This appears to be one of those stories where the writer asked a number of celebrities being interviewed some side questions, then banked them for a compilation feature piece for later publication.
This story appeared in papers in 1948. As it was written on the East Coast, it is devoid of opinions of West Coast radio comediennes or comic actresses, such as Gracie Allen, Cass Daley, Eve Arden, Lucille Ball, Marian Jordan and many others (this is not an excuse for you to comment “You forgot {insert name here}.”).
There is validity in the points raised. People will listen to old radio shows or watch aged animated cartoons and won’t laugh because they don’t get the references. I imagine gags on Bob Hope’s shows about ensigns or top sergeants went over big with his military audiences in World War Two, but they do nothing for me.
I chuckle about the columnist’s disdain for Henry Morgan. Morgan expressed disdain for women, especially ex-wives who wanted his money.
Cynthia Lowry spent years in Los Angeles reviewing television shows, but she was no fluff reporter. She was assigned to France by the A.P. during the war and got a first-hand look at the horrors of the Belsen concentration camp in Germany in March 1946. She died in 1991.
Comedians Differ on Why Women Laugh, or Don't
By CYNTHIA LOWRY
(Associated Press Newsfeatures)
New York, June 26.—Women laugh at jokes because they have sense of humor.
Just a minute, now, let me finish. This isn't my opinion. I'm just reporting it. It's what some of America's top comedians think. Except Henry Morgan: He thinks women just laugh at things men don't think are funny. I don't think Henry Morgan is funny.
A couple of lady comics think women laugh quicker, sooner and harder. Maybe you think they are prejudiced, so we'll amplify that later.
Jack Benny does not think questions about women's sense of humor calls for gag answers.
"Men and women respond to about the same things in the way of humor," he said. "I'd go a little heavier in the sex angle with an audience of women. But not too rough. That would embarrass them."
Fred Allen, another veteran of vaudeville, puts it somewhat differently. He thinks the world is quite simply divided into people with a sense of humor and people without a sense of humor.
"If they have one, they laugh," said, "If they don't, they don't. But it isn't question of whether it's woman or a man.
"Women will laugh at gags about styles or stocking shortages," he continued thoughtfully. "Men will laugh at golf jokes, gags about horse racing. But they're just laughing at things they know about. Women don't play the horses much.

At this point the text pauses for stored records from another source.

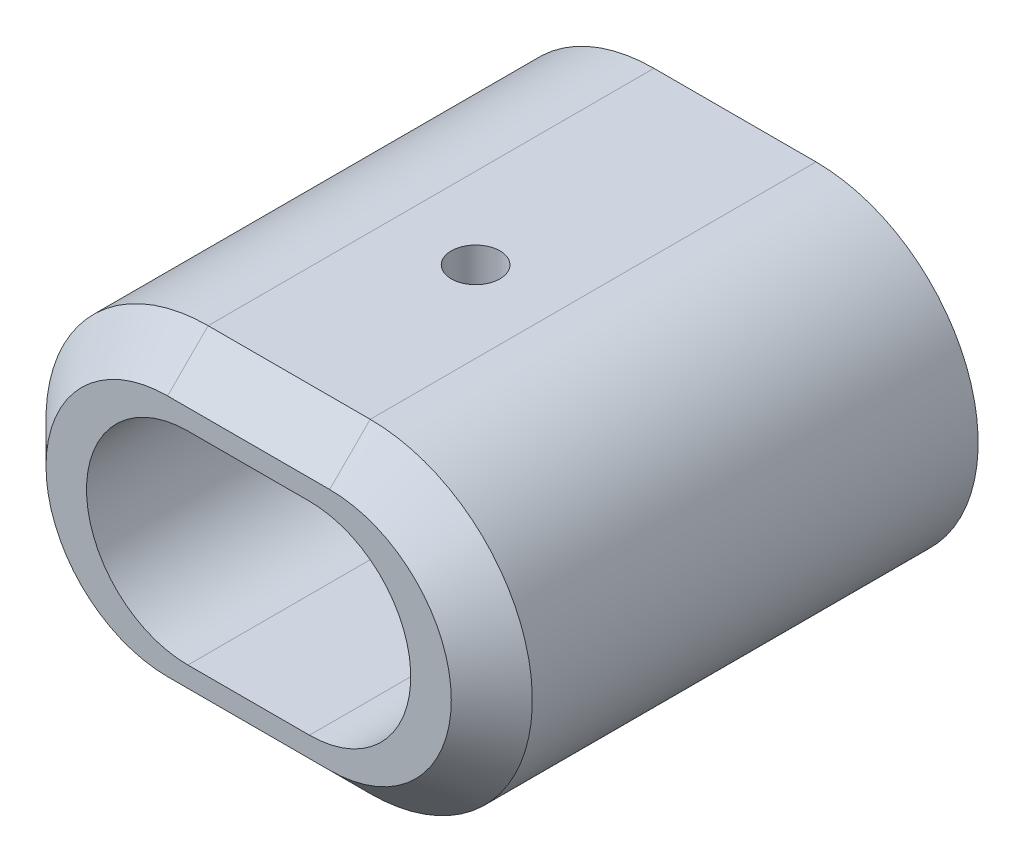
SolidWorks part; units mm, degrees
ref_plane "Front Plane" through (0, 0, 0) normal (0, 0, 1) x (1, 0, 0)
ref_plane "Top Plane" through (0, 0, 0) normal (0, 1, 0) x (1, 0, 0)
ref_plane "Right Plane" through (0, 0, 0) normal (1, 0, 0) x (0, 0, -1)
sketch "Sketch1" plane through (0, 0, 0) normal (0, 0, 1) x (1, 0, 0)
  line L0 (-7.5, 0) -> (7.5, 0) construction
  line L1 (-7.5, 12.5) -> (7.5, 12.5)
  line L2 (-7.5, -12.5) -> (7.5, -12.5)
  line L3 (-10, 0) -> (10, 0) construction
  line L4 (-10, 20) -> (10, 20)
  line L5 (-10, -20) -> (10, -20)
  arc A0 (-7.5, 12.5) -> (-7.5, -12.5) centre (-7.5, 0) ccw
  arc A1 (7.5, -12.5) -> (7.5, 12.5) centre (7.5, 0) ccw
  arc A2 (-10, 20) -> (-10, -20) centre (-10, 0) ccw
  arc A3 (10, -20) -> (10, 20) centre (10, 0) ccw
  point P2 (0, 0)
  point P10 (0, 0)
  point P15 (-30, 0)
  point P16 (30, 0)
  dimension "D1" = 25
  dimension "D2" = 15
  dimension "D3" = 40
  dimension "D4" = 60
extrude "Boss-Extrude1" add sketch "Sketch1" along normal blind 60
sketch "Sketch4" plane through (0, -20, 0) normal (0, -1, 0) x (1, 0, 0)
  line L0 (10, 60) -> (-10, 60) construction
  circle A0 centre (0, 32) radius 3
  point P2 (0, 60)
  dimension "D2" = 6
  dimension "D1" = 28
extrude "Cut-Extrude1" cut sketch "Sketch4" against normal blind 60
chamfer "Chamfer1" distance 5 angle 45 4 edges at (0, 20, 60) (30, 0, 60) (0, -20, 60) (-30, 0, 60)
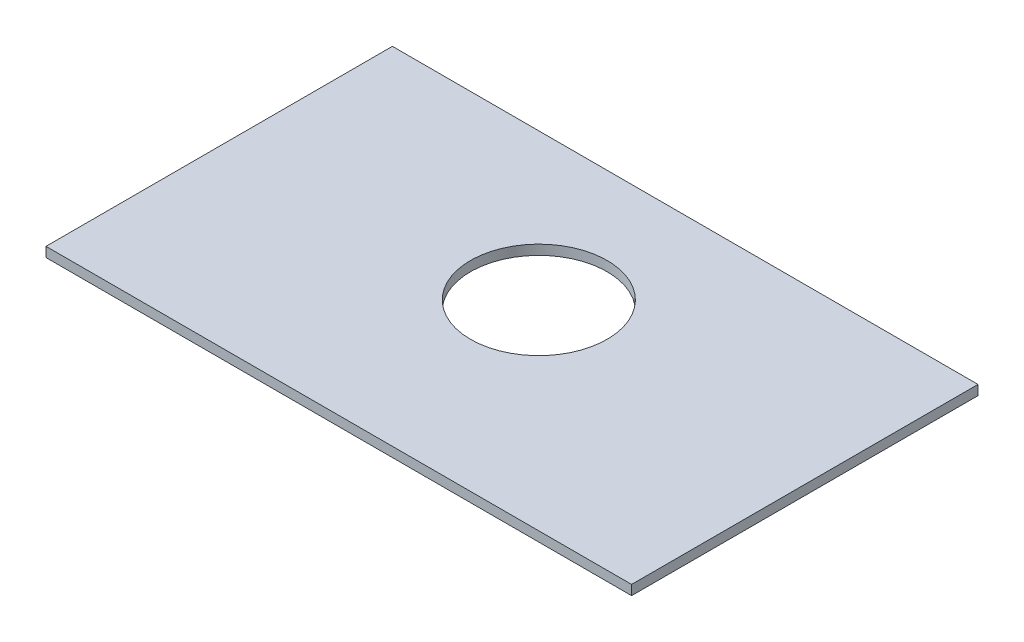
SolidWorks part; units mm, degrees
ref_plane "Front Plane" through (0, 0, 0) normal (0, 0, 1) x (1, 0, 0)
ref_plane "Top Plane" through (0, 0, 0) normal (0, 1, 0) x (1, 0, 0)
ref_plane "Right Plane" through (0, 0, 0) normal (1, 0, 0) x (0, 0, -1)
sketch "Sketch1" plane through (0, 0, 0) normal (0, 1, 0) x (1, 0, 0)
  line L0 (-50.2879, 46.288) -> (-21.1183, 46.288) construction
  line L1 (-50.2879, 99.528) -> (129.7121, 99.528)
  line L2 (-50.2879, 99.528) -> (-50.2879, -6.952)
  line L3 (-50.2879, -6.952) -> (129.7121, -6.952)
  line L4 (129.7121, 99.528) -> (129.7121, -6.952)
  line L5 (39.7121, 99.528) -> (39.7121, 79.6053) construction
  circle A0 centre (39.7121, 54.528) radius 21
  dimension "D3" = 42
  dimension "D1" = 106.48
  dimension "D2" = 180
  dimension "D4" = 45
extrude "Boss-Extrude1" add sketch "Sketch1" along normal blind 3
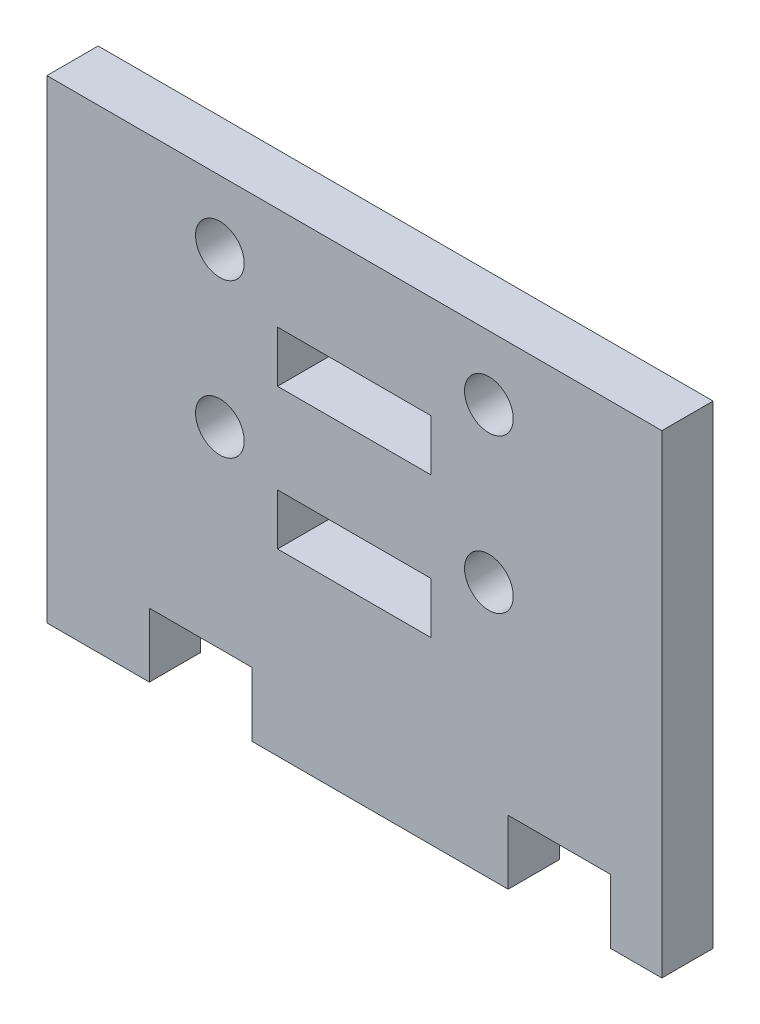
SolidWorks part; units mm, degrees
ref_plane "Front Plane" through (0, 0, 0) normal (0, 0, 1) x (1, 0, 0)
ref_plane "Top Plane" through (0, 0, 0) normal (0, 1, 0) x (1, 0, 0)
ref_plane "Right Plane" through (0, 0, 0) normal (1, 0, 0) x (0, 0, -1)
sketch "Sketch1" plane through (0, 0, 0) normal (0, 0, 1) x (1, 0, 0)
  line L0 (4, 2.5) -> (8, 2.5)
  line L1 (4, 0) -> (0, 0)
  line L2 (0, 18.5) -> (24, 18.5)
  line L3 (0, 0) -> (0, 18.5)
  line L4 (9, 14.5) -> (9, 12.5)
  line L5 (15, 14.5) -> (9, 14.5)
  line L6 (9, 12.5) -> (15, 12.5)
  line L7 (15, 12.5) -> (15, 14.5)
  line L8 (4, 2.5) -> (4, 0)
  line L9 (22, 0) -> (24, 0)
  line L10 (24, 0) -> (24, 18.5)
  line L11 (18, 0) -> (18, 2.5)
  line L12 (15, 7) -> (15, 9)
  line L13 (9, 7) -> (15, 7)
  line L14 (22, 2.5) -> (22, 0)
  line L15 (15, 9) -> (9, 9)
  line L16 (9, 9) -> (9, 7)
  line L17 (18, 2.5) -> (22, 2.5)
  line L18 (8, 0) -> (8, 2.5)
  line L19 (8, 0) -> (18, 0)
  line L20 (12, 12.5) -> (12, 9) construction
  circle A0 centre (6.75, 16) radius 0.95
  circle A1 centre (17.25, 10) radius 0.95
  circle A2 centre (17.25, 16) radius 0.95
  circle A3 centre (6.75, 10) radius 0.95
  dimension "D2" = 4
  dimension "D3" = 18
  dimension "D4" = 2.5
  dimension "D5" = 2
  dimension "D1" = 1.9
  dimension "D6" = 7
  dimension "D7" = 9
  dimension "D8" = 12.5
  dimension "D9" = 15
  dimension "D10" = 6
  dimension "D11" = 10
  dimension "D12" = 18.5
  dimension "D13" = 10.5
extrude "Boss-Extrude1" add sketch "Sketch1" along normal blind 2
equation "\"D13@Sketch1\"= \"fingerWidth@parametersSketch@prostheticParameters.SLDPRT\" - 5.7'Hole distance"
equation "\"D1@Sketch1\"= 1.5 + \"tol1@parametersSketch@prostheticParameters.SLDPRT\""
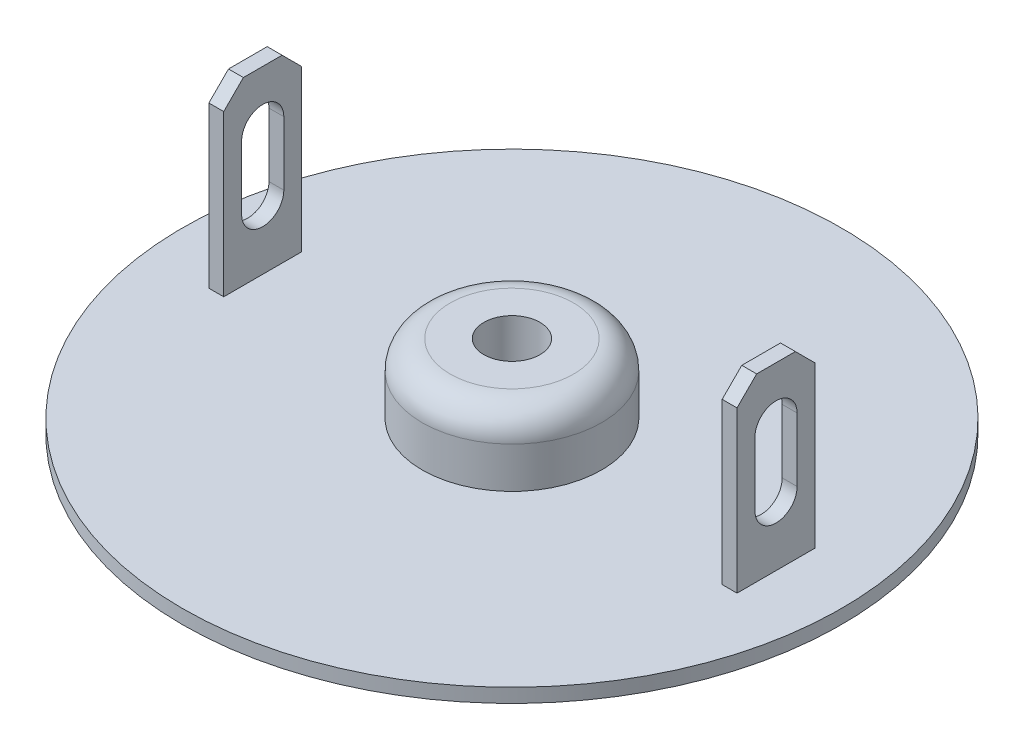
SolidWorks part; units mm, degrees
ref_plane "前视基准面" through (0, 0, 0) normal (0, 0, 1) x (1, 0, 0)
ref_plane "上视基准面" through (0, 0, 0) normal (0, 1, 0) x (1, 0, 0)
ref_plane "右视基准面" through (0, 0, 0) normal (1, 0, 0) x (0, 0, -1)
sketch "草图1" plane through (0, 0, 0) normal (0, 1, 0) x (1, 0, 0)
  circle A0 centre (0, 0) radius 11.75
  circle A1 centre (0, 0) radius 1
  dimension "D1" = 23.5
  dimension "D2" = 2
extrude "凸台-拉伸1" add sketch "草图1" along normal blind 0.5
sketch "草图2" plane through (0, 0.5, 0) normal (0, 1, 0) x (1, 0, 0)
  line L0 (-14.1807, 0) -> (17.5483, 0) construction
  line L5 (0, -12.7693) -> (0, 12.3288) construction
  line L7 (-9.415, -1.39) -> (-8.885, -1.39)
  line L8 (-9.415, -1.39) -> (-9.415, 1.39)
  line L9 (-9.415, 1.39) -> (-8.885, 1.39)
  line L10 (-8.885, -1.39) -> (-8.885, 1.39)
  line L11 (-9.415, -1.39) -> (-8.885, 1.39) construction
  line L12 (-9.415, 1.39) -> (-8.885, -1.39) construction
  point P0 (-9.15, 0)
  dimension "D1" = 0.53
  dimension "D2" = 2.78
  dimension "D3" = 9.15
extrude "凸台-拉伸2" add sketch "草图2" along normal blind 6.42
chamfer "倒角1" distance 0.7 angle 45 2 edges at (-9.15, 6.92, -1.39) (-9.15, 6.92, 1.39)
sketch "草图3" plane through (-9.415, 0, 0) normal (-1, 0, 0) x (0, 0, 1)
  line L0 (0, 4.992) -> (0, 2.7224) construction
  line L1 (0.7519, 4.992) -> (0.7519, 2.7224)
  line L2 (-0.7519, 4.992) -> (-0.7519, 2.7224)
  arc A0 (0.7519, 4.992) -> (-0.7519, 4.992) centre (0, 4.992) ccw
  arc A1 (-0.7519, 2.7224) -> (0.7519, 2.7224) centre (0, 2.7224) ccw
  point P3 (0, 3.8572)
extrude "切除-拉伸1" cut sketch "草图3" against normal up to next (0.53 mm away)
sketch "草图4" plane through (0, 0, 0) normal (0, 0, 1) x (1, 0, 0)
  line L0 (0, 3.4957) -> (0, -1.6123) construction
  line L1 (-1, 0.5) -> (-3.2, 0.5)
  line L2 (-1, 0.5) -> (-1, 2.96)
  line L3 (-1, 2.96) -> (-3.2, 2.96)
  line L4 (-3.2, 0.5) -> (-3.2, 2.96)
  dimension "D1" = 3.2
  dimension "D2" = 2.46
revolve "旋转1" add sketch "草图4" angle 360 about L0
fillet "圆角1" radius 1 1 edges at (0, 2.96, 3.2)
mirror "镜向1" about plane through (0, 0, 0) normal (1, 0, 0) of "切除-拉伸1", "倒角1", "凸台-拉伸2"
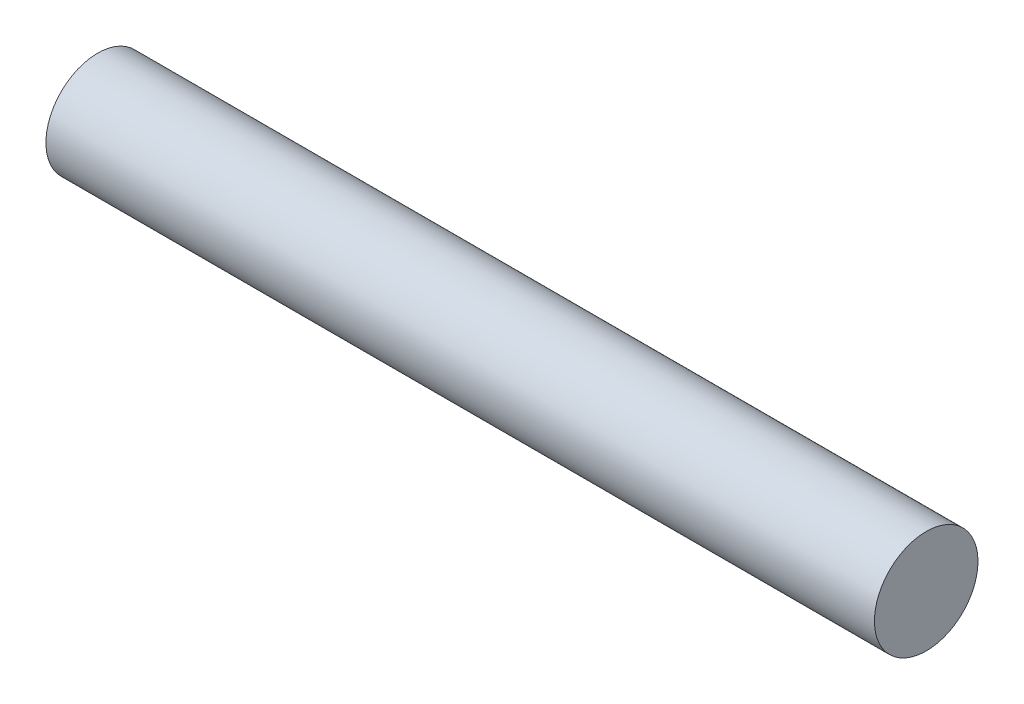
SolidWorks part; units mm, degrees
material "Ductile Iron (SN)"
ref_plane "Front Plane" through (0, 0, 0) normal (0, 0, 1) x (1, 0, 0)
ref_plane "Top Plane" through (0, 0, 0) normal (0, 1, 0) x (1, 0, 0)
ref_plane "Right Plane" through (0, 0, 0) normal (1, 0, 0) x (0, 0, -1)
sketch "Sketch1" plane through (0, 0, 0) normal (1, 0, 0) x (0, 0, -1)
  circle A0 centre (0, 0) radius 25
  dimension "D1" = 50
extrude "Boss-Extrude1" add sketch "Sketch1" along normal blind 400
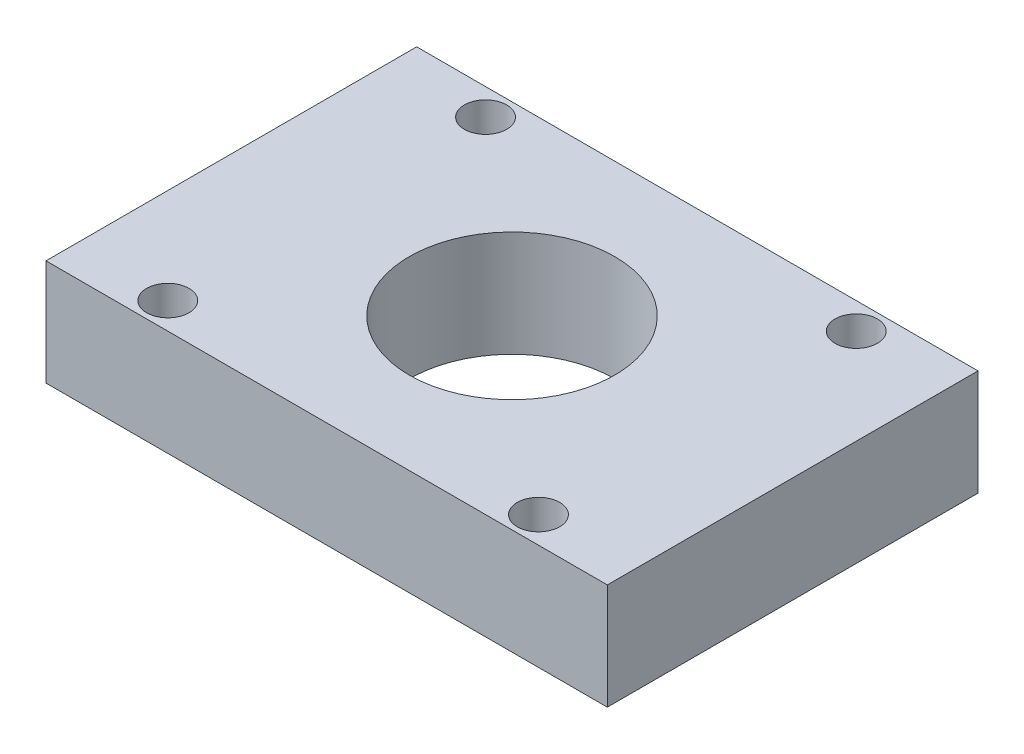
SolidWorks part; units mm, degrees
ref_plane "Front Plane" through (0, 0, 0) normal (0, 0, 1) x (1, 0, 0)
ref_plane "Top Plane" through (0, 0, 0) normal (0, 1, 0) x (1, 0, 0)
ref_plane "Right Plane" through (0, 0, 0) normal (1, 0, 0) x (0, 0, -1)
sketch "Sketch1" plane through (0, 0, 0) normal (0, 1, 0) x (1, 0, 0)
  line L1 (-26.5, 17.5) -> (26.5, 17.5)
  line L2 (-26.5, 17.5) -> (-26.5, -17.5)
  line L3 (-26.5, -17.5) -> (26.5, -17.5)
  line L4 (26.5, 17.5) -> (26.5, -17.5)
  line L5 (-26.5, 17.5) -> (26.5, -17.5) construction
  line L6 (-26.5, -17.5) -> (26.5, 17.5) construction
  point P0 (0, 0)
  dimension "D1" = 53
  dimension "D2" = 35
extrude "Boss-Extrude1" add sketch "Sketch1" along normal blind 10
sketch "Sketch2" plane through (0, 10, 0) normal (0, 1, 0) x (1, 0, 0)
  line L0 (-17.5, 15) -> (17.5, 15) construction
  line L1 (17.5, 15) -> (17.5, -15) construction
  line L2 (17.5, -15) -> (-17.5, -15) construction
  line L3 (-17.5, -15) -> (-17.5, 15) construction
  line L4 (-17.5, 15) -> (17.5, -15) construction
  circle A0 centre (-17.5, 15) radius 2
  circle A1 centre (17.5, 15) radius 2
  circle A2 centre (-17.5, -15) radius 2
  circle A3 centre (17.5, -15) radius 2
  circle A4 centre (0, 0) radius 9.6992
  point P3 (0, 0)
  dimension "D1" = 30
  dimension "35" = 35
extrude "Cut-Extrude1" cut sketch "Sketch2" against normal through all

"A college professor will snicker it someone trips over some ivy by a university building. A garbage man will laugh if someone slips in the swill. They're both laughing at basic thing—only in settings they are familiar with. But they laugh because they think it's funny—not because they are men.”Jack Haley, one of the stars of "Inside U. S. A.,” agrees that it is familiar things that make people laugh. But he thinks women are more likely to laugh at "light things" than men.
"Men like heavy humor you can put your teeth in," he says. "Women go for more frivolous stuff. There's no better, more responsive audience in the world than bunch of women—all women."
He thinks there are many men more comedians than women because "humor is an aggressive thing." He didn't explain that.
Paul Hartman, a master of humor in dancing and now starring in "Angel in the Wings," said women laugh as hard as men, but are likely to laugh at different jokes.
"For instance, women in an audience will always go for the classic burlesque: A man pantomiming a woman adjusting her girdle or trying to find an unfastened garter. We've got a sketch in our show built around some military slang, but it never goes over to a matinee audience. Women just don't understand military slang."
Then there's this Henry Morgan.
"I've often noticed women laughing," said Morgan, "but usually only at the minor calamities that befall men. If women had sense of humor why should they on being women?"
Gracie Fields thinks men and women laugh equally hard at the same jokes—it they're familiar with the subject matter.
"But," she adds, "women catch on to a gag faster every time."
Nancy Walker, star of the musical comedy hit "Look Ma, I'm Dancin'," is the summer-upper.
"Dames," she said, "are the quickest, smartest people in the world, but they spend most of their lives trying to keep men from knowing it. Just about the only time they don't have to cover up and let their hair down is when they're all together at matinee.
"Then they'll laugh and whoop louder than anything you ever heard at anything that strikes them funny. They get the gags quicker. But just at matinees. They don't act that way when they go to the theater with their men in the evening."